🤖 AI Summary
To address low identity fidelity and poor background consistency in subject-driven image generation for multi-subject complex scenes, this paper proposes a video-derived data construction paradigm grounded in cross-frame identity priors. We design a four-stage pipeline integrating diversity-aware pairing with vision-language model (VLM)-driven category consensus, local localization, and verification. To enhance controllability and fidelity, we introduce segmentation-map-guided outpainting, bounding-box-guided inpainting, geometry-aware enhancement, and irregular-boundary erosion. Furthermore, we establish the first large-scale benchmark dedicated to multi-subject generation and editing. Experiments demonstrate that our method significantly improves identity consistency and scene complexity modeling, achieving state-of-the-art performance on both multi-subject generation and editing tasks.
📝 Abstract
Despite the promising progress in subject-driven image generation, current models often deviate from the reference identities and struggle in complex scenes with multiple subjects. To address this challenge, we introduce OpenSubject, a video-derived large-scale corpus with 2.5M samples and 4.35M images for subject-driven generation and manipulation. The dataset is built with a four-stage pipeline that exploits cross-frame identity priors. (i) Video Curation. We apply resolution and aesthetic filtering to obtain high-quality clips. (ii) Cross-Frame Subject Mining and Pairing. We utilize vision-language model (VLM)-based category consensus, local grounding, and diversity-aware pairing to select image pairs. (iii) Identity-Preserving Reference Image Synthesis. We introduce segmentation map-guided outpainting to synthesize the input images for subject-driven generation and box-guided inpainting to generate input images for subject-driven manipulation, together with geometry-aware augmentations and irregular boundary erosion. (iv) Verification and Captioning.

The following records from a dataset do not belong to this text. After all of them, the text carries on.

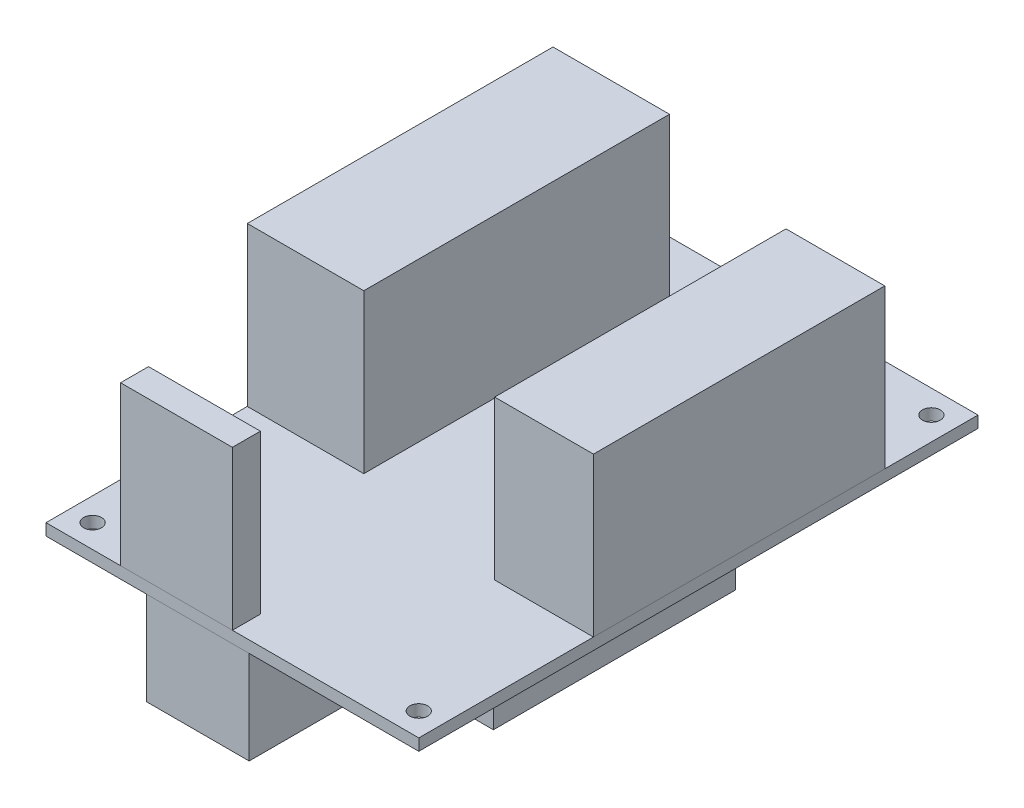
ISO-10303-21;
HEADER;
FILE_DESCRIPTION(('STEP AP214'),'2;1');
FILE_NAME('part.step','',(''),(''),'','','');
FILE_SCHEMA(('AUTOMOTIVE_DESIGN { 1 0 10303 214 1 1 1 1 }'));
ENDSEC;
DATA;
#1=APPLICATION_CONTEXT('core data for automotive mechanical design processes');
#2=APPLICATION_PROTOCOL_DEFINITION('international standard','automotive_design',2000,#1);
#3=PRODUCT_CONTEXT('',#1,'mechanical');
#4=PRODUCT('Part','Part','',(#3));
#5=PRODUCT_RELATED_PRODUCT_CATEGORY('part','',(#4));
#6=PRODUCT_DEFINITION_FORMATION('','',#4);
#7=PRODUCT_DEFINITION_CONTEXT('part definition',#1,'design');
#8=PRODUCT_DEFINITION('design','',#6,#7);
#9=PRODUCT_DEFINITION_SHAPE('','',#8);
#10=(LENGTH_UNIT() NAMED_UNIT(*) SI_UNIT(.MILLI.,.METRE.));
#11=(NAMED_UNIT(*) PLANE_ANGLE_UNIT() SI_UNIT($,.RADIAN.));
#12=(NAMED_UNIT(*) SI_UNIT($,.STERADIAN.) SOLID_ANGLE_UNIT());
#13=UNCERTAINTY_MEASURE_WITH_UNIT(LENGTH_MEASURE(1.E-05),#10,'distance_accuracy_value','');
#14=(GEOMETRIC_REPRESENTATION_CONTEXT(3) GLOBAL_UNCERTAINTY_ASSIGNED_CONTEXT((#13)) GLOBAL_UNIT_ASSIGNED_CONTEXT((#10,
#11,#12)) REPRESENTATION_CONTEXT('',''));
#15=CARTESIAN_POINT('',(0.,0.,0.));
#16=DIRECTION('',(0.,0.,1.));
#17=DIRECTION('',(1.,0.,0.));
#18=AXIS2_PLACEMENT_3D('',#15,#16,#17);
#19=CARTESIAN_POINT('',(2.54,-12.7,17.78));
#20=DIRECTION('',(1.,0.,0.));
#21=DIRECTION('',(0.,0.,-1.));
#22=AXIS2_PLACEMENT_3D('',#19,#20,#21);
#23=PLANE('',#22);
#24=DIRECTION('',(0.,0.,-1.));
#25=VECTOR('',#24,1.);
#26=CARTESIAN_POINT('',(2.54,0.,17.78));
#27=LINE('',#26,#25);
#28=CARTESIAN_POINT('',(2.54,0.,17.78));
#29=VERTEX_POINT('',#28);
#30=CARTESIAN_POINT('',(2.54000000000001,0.,-15.24));
#31=VERTEX_POINT('',#30);
#32=EDGE_CURVE('E109',#29,#31,#27,.T.);
#33=ORIENTED_EDGE('',*,*,#32,.T.);
#34=DIRECTION('',(0.,1.,0.));
#35=VECTOR('',#34,1.);
#36=CARTESIAN_POINT('',(2.54000000000001,-12.7,-15.24));
#37=LINE('',#36,#35);
#38=CARTESIAN_POINT('',(2.54000000000001,-12.7,-15.24));
#39=VERTEX_POINT('',#38);
#40=EDGE_CURVE('E12',#39,#31,#37,.T.);
#41=ORIENTED_EDGE('',*,*,#40,.F.);
#42=DIRECTION('',(0.,0.,-1.));
#43=VECTOR('',#42,1.);
#44=CARTESIAN_POINT('',(2.54,-12.7,17.78));
#45=LINE('',#44,#43);
#46=CARTESIAN_POINT('',(2.54,-12.7,17.78));
#47=VERTEX_POINT('',#46);
#48=EDGE_CURVE('E97',#47,#39,#45,.T.);
#49=ORIENTED_EDGE('',*,*,#48,.F.);
#50=DIRECTION('',(0.,1.,0.));
#51=VECTOR('',#50,1.);
#52=CARTESIAN_POINT('',(2.54,-12.7,17.78));
#53=LINE('',#52,#51);
#54=EDGE_CURVE('E105',#47,#29,#53,.T.);
#55=ORIENTED_EDGE('',*,*,#54,.T.);
#56=EDGE_LOOP('',(#33,#41,#49,#55));
#57=FACE_BOUND('',#56,.T.);
#58=ADVANCED_FACE('F46',(#57),#23,.F.);
#59=CARTESIAN_POINT('',(2.54000000000001,-12.7,-15.24));
#60=DIRECTION('',(0.,0.,1.));
#61=DIRECTION('',(1.,0.,0.));
#62=AXIS2_PLACEMENT_3D('',#59,#60,#61);
#63=PLANE('',#62);
#64=DIRECTION('',(1.,0.,0.));
#65=VECTOR('',#64,1.);
#66=CARTESIAN_POINT('',(2.54000000000001,0.,-15.24));
#67=LINE('',#66,#65);
#68=CARTESIAN_POINT('',(15.24,0.,-15.24));
#69=VERTEX_POINT('',#68);
#70=EDGE_CURVE('E101',#31,#69,#67,.T.);
#71=ORIENTED_EDGE('',*,*,#70,.T.);
#72=DIRECTION('',(0.,1.,0.));
#73=VECTOR('',#72,1.);
#74=CARTESIAN_POINT('',(15.24,-12.7,-15.24));
#75=LINE('',#74,#73);
#76=CARTESIAN_POINT('',(15.24,-12.7,-15.24));
#77=VERTEX_POINT('',#76);
#78=EDGE_CURVE('E54',#77,#69,#75,.T.);
#79=ORIENTED_EDGE('',*,*,#78,.F.);
#80=DIRECTION('',(1.,0.,0.));
#81=VECTOR('',#80,1.);
#82=CARTESIAN_POINT('',(2.54000000000001,-12.7,-15.24));
#83=LINE('',#82,#81);
#84=EDGE_CURVE('E92',#39,#77,#83,.T.);
#85=ORIENTED_EDGE('',*,*,#84,.F.);
#86=ORIENTED_EDGE('',*,*,#40,.T.);
#87=EDGE_LOOP('',(#71,#79,#85,#86));
#88=FACE_BOUND('',#87,.T.);
#89=ADVANCED_FACE('F100',(#88),#63,.F.);
#90=CARTESIAN_POINT('',(15.24,-12.7,17.78));
#91=DIRECTION('',(-1.,0.,0.));
#92=DIRECTION('',(0.,0.,1.));
#93=AXIS2_PLACEMENT_3D('',#90,#91,#92);
#94=PLANE('',#93);
#95=DIRECTION('',(0.,0.,1.));
#96=VECTOR('',#95,1.);
#97=CARTESIAN_POINT('',(15.24,0.,17.78));
#98=LINE('',#97,#96);
#99=CARTESIAN_POINT('',(15.24,0.,17.78));
#100=VERTEX_POINT('',#99);
#101=EDGE_CURVE('E79',#69,#100,#98,.T.);
#102=ORIENTED_EDGE('',*,*,#101,.T.);
#103=DIRECTION('',(0.,1.,0.));
#104=VECTOR('',#103,1.);
#105=CARTESIAN_POINT('',(15.24,-12.7,17.78));
#106=LINE('',#105,#104);
#107=CARTESIAN_POINT('',(15.24,-12.7,17.78));
#108=VERTEX_POINT('',#107);
#109=EDGE_CURVE('E102',#108,#100,#106,.T.);
#110=ORIENTED_EDGE('',*,*,#109,.F.);
#111=DIRECTION('',(0.,0.,1.));
#112=VECTOR('',#111,1.);
#113=CARTESIAN_POINT('',(15.24,-12.7,17.78));
#114=LINE('',#113,#112);
#115=EDGE_CURVE('E95',#77,#108,#114,.T.);
#116=ORIENTED_EDGE('',*,*,#115,.F.);
#117=ORIENTED_EDGE('',*,*,#78,.T.);
#118=EDGE_LOOP('',(#102,#110,#116,#117));
#119=FACE_BOUND('',#118,.T.);
#120=ADVANCED_FACE('F103',(#119),#94,.F.);
#121=CARTESIAN_POINT('',(2.54,-12.7,17.78));
#122=DIRECTION('',(0.,0.,-1.));
#123=DIRECTION('',(-1.,0.,0.));
#124=AXIS2_PLACEMENT_3D('',#121,#122,#123);
#125=PLANE('',#124);
#126=DIRECTION('',(-1.,0.,0.));
#127=VECTOR('',#126,1.);
#128=CARTESIAN_POINT('',(2.54,0.,17.78));
#129=LINE('',#128,#127);
#130=EDGE_CURVE('E85',#100,#29,#129,.T.);
#131=ORIENTED_EDGE('',*,*,#130,.T.);
#132=ORIENTED_EDGE('',*,*,#54,.F.);
#133=DIRECTION('',(-1.,0.,0.));
#134=VECTOR('',#133,1.);
#135=CARTESIAN_POINT('',(2.54,-12.7,17.78));
#136=LINE('',#135,#134);
#137=EDGE_CURVE('E62',#108,#47,#136,.T.);
#138=ORIENTED_EDGE('',*,*,#137,.F.);
#139=ORIENTED_EDGE('',*,*,#109,.T.);
#140=EDGE_LOOP('',(#131,#132,#138,#139));
#141=FACE_BOUND('',#140,.T.);
#142=ADVANCED_FACE('F116',(#141),#125,.F.);
#143=CARTESIAN_POINT('',(0.,-12.7,0.));
#144=DIRECTION('',(0.,-1.,0.));
#145=DIRECTION('',(0.,0.,-1.));
#146=AXIS2_PLACEMENT_3D('',#143,#144,#145);
#147=PLANE('',#146);
#148=ORIENTED_EDGE('',*,*,#48,.T.);
#149=ORIENTED_EDGE('',*,*,#84,.T.);
#150=ORIENTED_EDGE('',*,*,#115,.T.);
#151=ORIENTED_EDGE('',*,*,#137,.T.);
#152=EDGE_LOOP('',(#148,#149,#150,#151));
#153=FACE_BOUND('',#152,.T.);
#154=ADVANCED_FACE('F93',(#153),#147,.T.);
#155=CARTESIAN_POINT('',(0.,0.,0.));
#156=DIRECTION('',(0.,-1.,0.));
#157=DIRECTION('',(0.,0.,-1.));
#158=AXIS2_PLACEMENT_3D('',#155,#156,#157);
#159=PLANE('',#158);
#160=ORIENTED_EDGE('',*,*,#32,.F.);
#161=ORIENTED_EDGE('',*,*,#130,.F.);
#162=ORIENTED_EDGE('',*,*,#101,.F.);
#163=ORIENTED_EDGE('',*,*,#70,.F.);
#164=EDGE_LOOP('',(#160,#161,#162,#163));
#165=FACE_BOUND('',#164,.T.);
#166=ADVANCED_FACE('F119',(#165),#159,.F.);
#167=CLOSED_SHELL('',(#58,#89,#120,#142,#154,#166));
#168=MANIFOLD_SOLID_BREP('B2',#167);
#169=CARTESIAN_POINT('',(-11.684,-12.7,38.1));
#170=DIRECTION('',(1.,0.,0.));
#171=DIRECTION('',(0.,0.,-1.));
#172=AXIS2_PLACEMENT_3D('',#169,#170,#171);
#173=PLANE('',#172);
#174=DIRECTION('',(0.,0.,-1.));
#175=VECTOR('',#174,1.);
#176=CARTESIAN_POINT('',(-11.684,0.,38.1));
#177=LINE('',#176,#175);
#178=CARTESIAN_POINT('',(-11.684,0.,38.1));
#179=VERTEX_POINT('',#178);
#180=CARTESIAN_POINT('',(-11.684,0.,-22.098));
#181=VERTEX_POINT('',#180);
#182=EDGE_CURVE('E243',#179,#181,#177,.T.);
#183=ORIENTED_EDGE('',*,*,#182,.T.);
#184=DIRECTION('',(0.,1.,0.));
#185=VECTOR('',#184,1.);
#186=CARTESIAN_POINT('',(-11.684,-12.7,-22.098));
#187=LINE('',#186,#185);
#188=CARTESIAN_POINT('',(-11.684,-12.7,-22.098));
#189=VERTEX_POINT('',#188);
#190=EDGE_CURVE('E44',#189,#181,#187,.T.);
#191=ORIENTED_EDGE('',*,*,#190,.F.);
#192=DIRECTION('',(0.,0.,-1.));
#193=VECTOR('',#192,1.);
#194=CARTESIAN_POINT('',(-11.684,-12.7,38.1));
#195=LINE('',#194,#193);
#196=CARTESIAN_POINT('',(-11.684,-12.7,38.1));
#197=VERTEX_POINT('',#196);
#198=EDGE_CURVE('E231',#197,#189,#195,.T.);
#199=ORIENTED_EDGE('',*,*,#198,.F.);
#200=DIRECTION('',(0.,1.,0.));
#201=VECTOR('',#200,1.);
#202=CARTESIAN_POINT('',(-11.684,-12.7,38.1));
#203=LINE('',#202,#201);
#204=EDGE_CURVE('E239',#197,#179,#203,.T.);
#205=ORIENTED_EDGE('',*,*,#204,.T.);
#206=EDGE_LOOP('',(#183,#191,#199,#205));
#207=FACE_BOUND('',#206,.T.);
#208=ADVANCED_FACE('F180',(#207),#173,.F.);
#209=CARTESIAN_POINT('',(-11.684,-12.7,-22.098));
#210=DIRECTION('',(0.,0.,1.));
#211=DIRECTION('',(1.,0.,0.));
#212=AXIS2_PLACEMENT_3D('',#209,#210,#211);
#213=PLANE('',#212);
#214=DIRECTION('',(1.,0.,0.));
#215=VECTOR('',#214,1.);
#216=CARTESIAN_POINT('',(-11.684,0.,-22.098));
#217=LINE('',#216,#215);
#218=CARTESIAN_POINT('',(2.28600000000001,0.,-22.098));
#219=VERTEX_POINT('',#218);
#220=EDGE_CURVE('E235',#181,#219,#217,.T.);
#221=ORIENTED_EDGE('',*,*,#220,.T.);
#222=DIRECTION('',(0.,1.,0.));
#223=VECTOR('',#222,1.);
#224=CARTESIAN_POINT('',(2.28600000000001,-12.7,-22.098));
#225=LINE('',#224,#223);
#226=CARTESIAN_POINT('',(2.28600000000001,-12.7,-22.098));
#227=VERTEX_POINT('',#226);
#228=EDGE_CURVE('E188',#227,#219,#225,.T.);
#229=ORIENTED_EDGE('',*,*,#228,.F.);
#230=DIRECTION('',(1.,0.,0.));
#231=VECTOR('',#230,1.);
#232=CARTESIAN_POINT('',(-11.684,-12.7,-22.098));
#233=LINE('',#232,#231);
#234=EDGE_CURVE('E226',#189,#227,#233,.T.);
#235=ORIENTED_EDGE('',*,*,#234,.F.);
#236=ORIENTED_EDGE('',*,*,#190,.T.);
#237=EDGE_LOOP('',(#221,#229,#235,#236));
#238=FACE_BOUND('',#237,.T.);
#239=ADVANCED_FACE('F234',(#238),#213,.F.);
#240=CARTESIAN_POINT('',(2.286,-12.7,38.1));
#241=DIRECTION('',(-1.,0.,0.));
#242=DIRECTION('',(0.,0.,1.));
#243=AXIS2_PLACEMENT_3D('',#240,#241,#242);
#244=PLANE('',#243);
#245=DIRECTION('',(0.,0.,1.));
#246=VECTOR('',#245,1.);
#247=CARTESIAN_POINT('',(2.286,0.,38.1));
#248=LINE('',#247,#246);
#249=CARTESIAN_POINT('',(2.286,0.,38.1));
#250=VERTEX_POINT('',#249);
#251=EDGE_CURVE('E213',#219,#250,#248,.T.);
#252=ORIENTED_EDGE('',*,*,#251,.T.);
#253=DIRECTION('',(0.,1.,0.));
#254=VECTOR('',#253,1.);
#255=CARTESIAN_POINT('',(2.286,-12.7,38.1));
#256=LINE('',#255,#254);
#257=CARTESIAN_POINT('',(2.286,-12.7,38.1));
#258=VERTEX_POINT('',#257);
#259=EDGE_CURVE('E236',#258,#250,#256,.T.);
#260=ORIENTED_EDGE('',*,*,#259,.F.);
#261=DIRECTION('',(0.,0.,1.));
#262=VECTOR('',#261,1.);
#263=CARTESIAN_POINT('',(2.286,-12.7,38.1));
#264=LINE('',#263,#262);
#265=EDGE_CURVE('E229',#227,#258,#264,.T.);
#266=ORIENTED_EDGE('',*,*,#265,.F.);
#267=ORIENTED_EDGE('',*,*,#228,.T.);
#268=EDGE_LOOP('',(#252,#260,#266,#267));
#269=FACE_BOUND('',#268,.T.);
#270=ADVANCED_FACE('F237',(#269),#244,.F.);
#271=CARTESIAN_POINT('',(-11.684,-12.7,38.1));
#272=DIRECTION('',(0.,0.,-1.));
#273=DIRECTION('',(-1.,0.,0.));
#274=AXIS2_PLACEMENT_3D('',#271,#272,#273);
#275=PLANE('',#274);
#276=DIRECTION('',(-1.,0.,0.));
#277=VECTOR('',#276,1.);
#278=CARTESIAN_POINT('',(-11.684,0.,38.1));
#279=LINE('',#278,#277);
#280=EDGE_CURVE('E219',#250,#179,#279,.T.);
#281=ORIENTED_EDGE('',*,*,#280,.T.);
#282=ORIENTED_EDGE('',*,*,#204,.F.);
#283=DIRECTION('',(-1.,0.,0.));
#284=VECTOR('',#283,1.);
#285=CARTESIAN_POINT('',(-11.684,-12.7,38.1));
#286=LINE('',#285,#284);
#287=EDGE_CURVE('E196',#258,#197,#286,.T.);
#288=ORIENTED_EDGE('',*,*,#287,.F.);
#289=ORIENTED_EDGE('',*,*,#259,.T.);
#290=EDGE_LOOP('',(#281,#282,#288,#289));
#291=FACE_BOUND('',#290,.T.);
#292=ADVANCED_FACE('F250',(#291),#275,.F.);
#293=CARTESIAN_POINT('',(0.,-12.7,0.));
#294=DIRECTION('',(0.,-1.,0.));
#295=DIRECTION('',(0.,0.,-1.));
#296=AXIS2_PLACEMENT_3D('',#293,#294,#295);
#297=PLANE('',#296);
#298=ORIENTED_EDGE('',*,*,#198,.T.);
#299=ORIENTED_EDGE('',*,*,#234,.T.);
#300=ORIENTED_EDGE('',*,*,#265,.T.);
#301=ORIENTED_EDGE('',*,*,#287,.T.);
#302=EDGE_LOOP('',(#298,#299,#300,#301));
#303=FACE_BOUND('',#302,.T.);
#304=ADVANCED_FACE('F227',(#303),#297,.T.);
#305=CARTESIAN_POINT('',(0.,0.,0.));
#306=DIRECTION('',(0.,-1.,0.));
#307=DIRECTION('',(0.,0.,-1.));
#308=AXIS2_PLACEMENT_3D('',#305,#306,#307);
#309=PLANE('',#308);
#310=ORIENTED_EDGE('',*,*,#182,.F.);
#311=ORIENTED_EDGE('',*,*,#280,.F.);
#312=ORIENTED_EDGE('',*,*,#251,.F.);
#313=ORIENTED_EDGE('',*,*,#220,.F.);
#314=EDGE_LOOP('',(#310,#311,#312,#313));
#315=FACE_BOUND('',#314,.T.);
#316=ADVANCED_FACE('F253',(#315),#309,.F.);
#317=CLOSED_SHELL('',(#208,#239,#270,#292,#304,#316));
#318=MANIFOLD_SOLID_BREP('B6',#317);
#319=CARTESIAN_POINT('',(-15.24,23.1775,34.29));
#320=DIRECTION('',(1.,0.,0.));
#321=DIRECTION('',(0.,0.,-1.));
#322=AXIS2_PLACEMENT_3D('',#319,#320,#321);
#323=PLANE('',#322);
#324=DIRECTION('',(0.,0.,1.));
#325=VECTOR('',#324,1.);
#326=CARTESIAN_POINT('',(-15.24,1.5875,34.29));
#327=LINE('',#326,#325);
#328=CARTESIAN_POINT('',(-15.24,1.5875,34.29));
#329=VERTEX_POINT('',#328);
#330=CARTESIAN_POINT('',(-15.24,1.5875,38.1));
#331=VERTEX_POINT('',#330);
#332=EDGE_CURVE('E377',#329,#331,#327,.T.);
#333=ORIENTED_EDGE('',*,*,#332,.T.);
#334=DIRECTION('',(0.,-1.,0.));
#335=VECTOR('',#334,1.);
#336=CARTESIAN_POINT('',(-15.24,23.1775,38.1));
#337=LINE('',#336,#335);
#338=CARTESIAN_POINT('',(-15.24,23.1775,38.1));
#339=VERTEX_POINT('',#338);
#340=EDGE_CURVE('E178',#339,#331,#337,.T.);
#341=ORIENTED_EDGE('',*,*,#340,.F.);
#342=DIRECTION('',(0.,0.,1.));
#343=VECTOR('',#342,1.);
#344=CARTESIAN_POINT('',(-15.24,23.1775,34.29));
#345=LINE('',#344,#343);
#346=CARTESIAN_POINT('',(-15.24,23.1775,34.29));
#347=VERTEX_POINT('',#346);
#348=EDGE_CURVE('E365',#347,#339,#345,.T.);
#349=ORIENTED_EDGE('',*,*,#348,.F.);
#350=DIRECTION('',(0.,-1.,0.));
#351=VECTOR('',#350,1.);
#352=CARTESIAN_POINT('',(-15.24,23.1775,34.29));
#353=LINE('',#352,#351);
#354=EDGE_CURVE('E373',#347,#329,#353,.T.);
#355=ORIENTED_EDGE('',*,*,#354,.T.);
#356=EDGE_LOOP('',(#333,#341,#349,#355));
#357=FACE_BOUND('',#356,.T.);
#358=ADVANCED_FACE('F314',(#357),#323,.F.);
#359=CARTESIAN_POINT('',(-15.24,23.1775,38.1));
#360=DIRECTION('',(0.,0.,-1.));
#361=DIRECTION('',(-1.,0.,0.));
#362=AXIS2_PLACEMENT_3D('',#359,#360,#361);
#363=PLANE('',#362);
#364=DIRECTION('',(1.,0.,0.));
#365=VECTOR('',#364,1.);
#366=CARTESIAN_POINT('',(-15.24,1.5875,38.1));
#367=LINE('',#366,#365);
#368=CARTESIAN_POINT('',(0.,1.5875,38.1));
#369=VERTEX_POINT('',#368);
#370=EDGE_CURVE('E369',#331,#369,#367,.T.);
#371=ORIENTED_EDGE('',*,*,#370,.T.);
#372=DIRECTION('',(0.,-1.,0.));
#373=VECTOR('',#372,1.);
#374=CARTESIAN_POINT('',(0.,23.1775,38.1));
#375=LINE('',#374,#373);
#376=CARTESIAN_POINT('',(0.,23.1775,38.1));
#377=VERTEX_POINT('',#376);
#378=EDGE_CURVE('E322',#377,#369,#375,.T.);
#379=ORIENTED_EDGE('',*,*,#378,.F.);
#380=DIRECTION('',(1.,0.,0.));
#381=VECTOR('',#380,1.);
#382=CARTESIAN_POINT('',(-15.24,23.1775,38.1));
#383=LINE('',#382,#381);
#384=EDGE_CURVE('E360',#339,#377,#383,.T.);
#385=ORIENTED_EDGE('',*,*,#384,.F.);
#386=ORIENTED_EDGE('',*,*,#340,.T.);
#387=EDGE_LOOP('',(#371,#379,#385,#386));
#388=FACE_BOUND('',#387,.T.);
#389=ADVANCED_FACE('F368',(#388),#363,.F.);
#390=CARTESIAN_POINT('',(0.,23.1775,34.29));
#391=DIRECTION('',(-1.,0.,0.));
#392=DIRECTION('',(0.,0.,1.));
#393=AXIS2_PLACEMENT_3D('',#390,#391,#392);
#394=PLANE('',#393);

We utilize a VLM to validate synthesized samples, re-synthesize failed samples based on stage (iii), and then construct short and long captions. In addition, we introduce a benchmark covering subject-driven generation and manipulation, and then evaluate identity fidelity, prompt adherence, manipulation consistency, and background consistency with a VLM judge. Extensive experiments show that training with OpenSubject improves generation and manipulation performance, particularly in complex scenes.